(Collected data entries)
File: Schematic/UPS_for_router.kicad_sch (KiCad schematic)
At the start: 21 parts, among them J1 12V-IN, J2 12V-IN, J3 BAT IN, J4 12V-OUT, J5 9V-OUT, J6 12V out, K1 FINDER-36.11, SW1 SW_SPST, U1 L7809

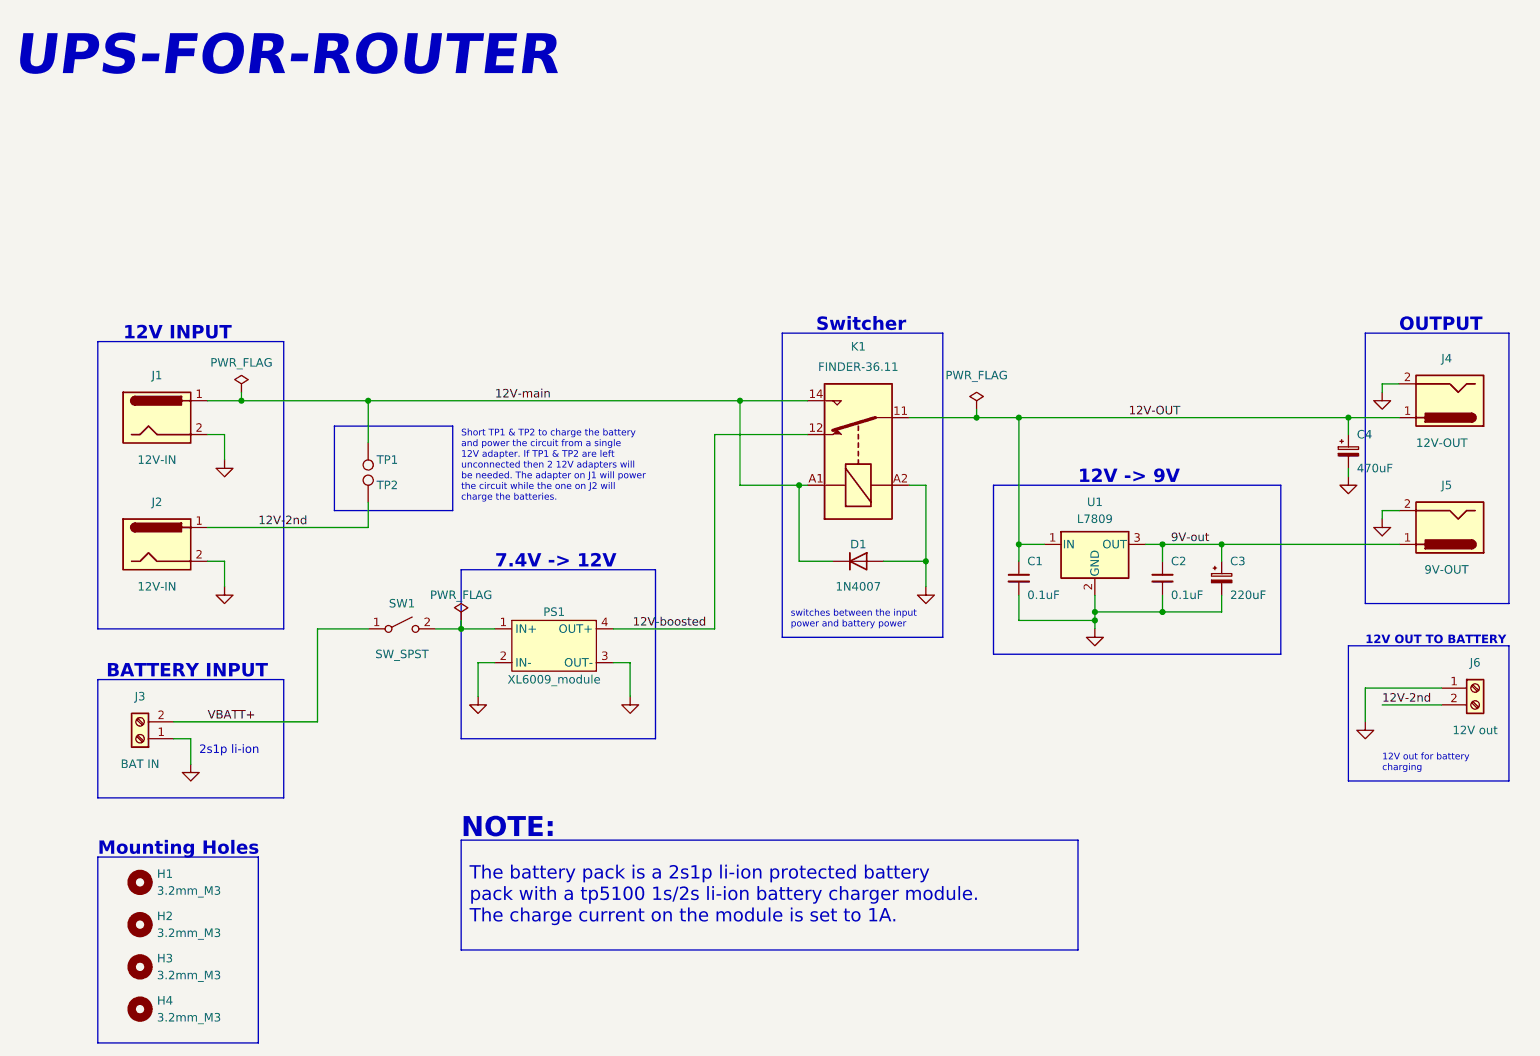
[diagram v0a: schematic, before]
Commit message: updated schematic and PCB
removed relay and added diode as well as updated the PCB
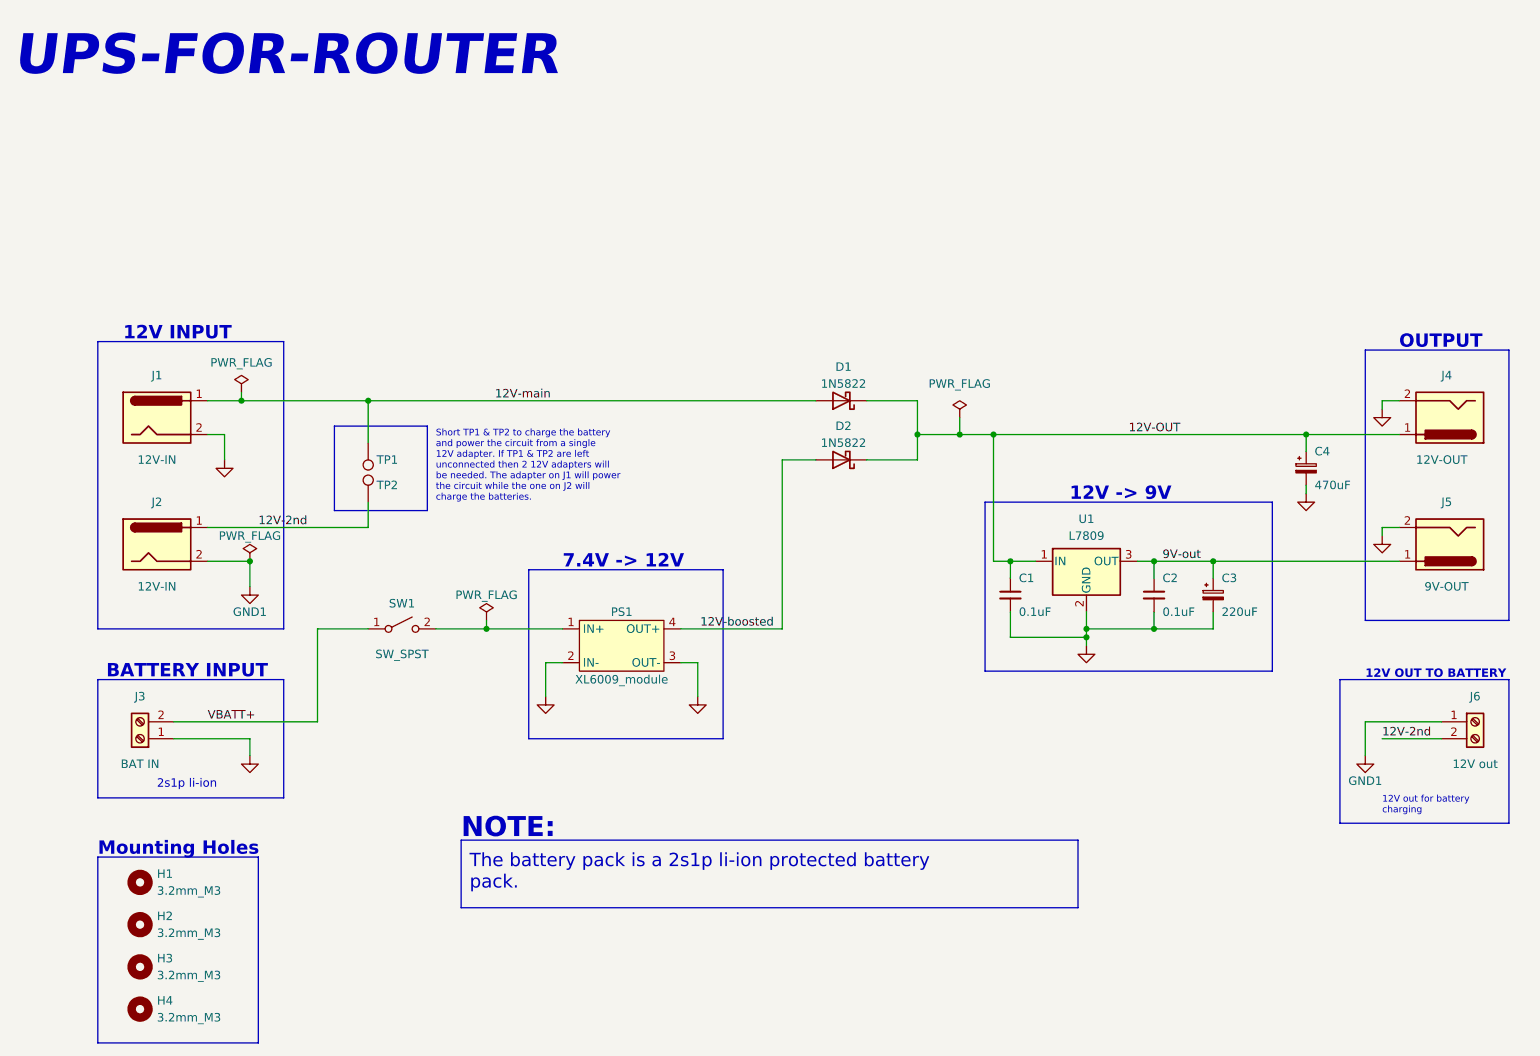
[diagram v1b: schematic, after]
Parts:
- removed D1: 1N4007, Diode_THT:D_DO-41_SOD81_P10.16mm_Horizontal, symbol Diode:1N4007
- removed K1: FINDER-36.11, Relay_THT:Relay_SPDT_Finder_36.11, symbol Relay:FINDER-36.11
- added D1, D2: 1N5822, Diode_THT:D_DO-201AD_P15.24mm_Horizontal, symbol Diode:1N5822
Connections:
- net 12V-OUT: now also D1.1 (K), D2.1 (K)
- net 12V-boosted: now also D2.2 (A)
- net 12V-main: now also D1.2 (A)
- net GND: no longer J2.2, J6.1 (Pin_1)
- new net GND1: J2.2, J6.1 (Pin_1)
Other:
- note added: "The battery pack is a 2s1p li-ion protected battery pack."
- note removed: "Switcher"
- note removed: "The battery pack is a 2s1p li-ion protected battery pack with a tp5100 1s/2s li-ion battery charger module. The charge current on the module is set to 1A."
- note removed: "switches between the input power and battery power"
- moved on the sheet: C1, C2, C3, C4, J4, J5, J6, PS1, U1

Work required
Without the pictures, return the records above exactly as written.

Written response
File: Schematic/UPS_for_router.kicad_sch (KiCad schematic)
At the start: 21 parts, among them J1 12V-IN, J2 12V-IN, J3 BAT IN, J4 12V-OUT, J5 9V-OUT, J6 12V out, K1 FINDER-36.11, SW1 SW_SPST, U1 L7809

[diagram v0a: schematic, before]
Commit message: updated schematic and PCB
removed relay and added diode as well as updated the PCB
[diagram v1b: schematic, after]
Parts:
- removed D1: 1N4007, Diode_THT:D_DO-41_SOD81_P10.16mm_Horizontal, symbol Diode:1N4007
- removed K1: FINDER-36.11, Relay_THT:Relay_SPDT_Finder_36.11, symbol Relay:FINDER-36.11
- added D1, D2: 1N5822, Diode_THT:D_DO-201AD_P15.24mm_Horizontal, symbol Diode:1N5822
Connections:
- net 12V-OUT: now also D1.1 (K), D2.1 (K)
- net 12V-boosted: now also D2.2 (A)
- net 12V-main: now also D1.2 (A)
- net GND: no longer J2.2, J6.1 (Pin_1)
- new net GND1: J2.2, J6.1 (Pin_1)
Other:
- note added: "The battery pack is a 2s1p li-ion protected battery pack."
- note removed: "Switcher"
- note removed: "The battery pack is a 2s1p li-ion protected battery pack with a tp5100 1s/2s li-ion battery charger module. The charge current on the module is set to 1A."
- note removed: "switches between the input power and battery power"
- moved on the sheet: C1, C2, C3, C4, J4, J5, J6, PS1, U1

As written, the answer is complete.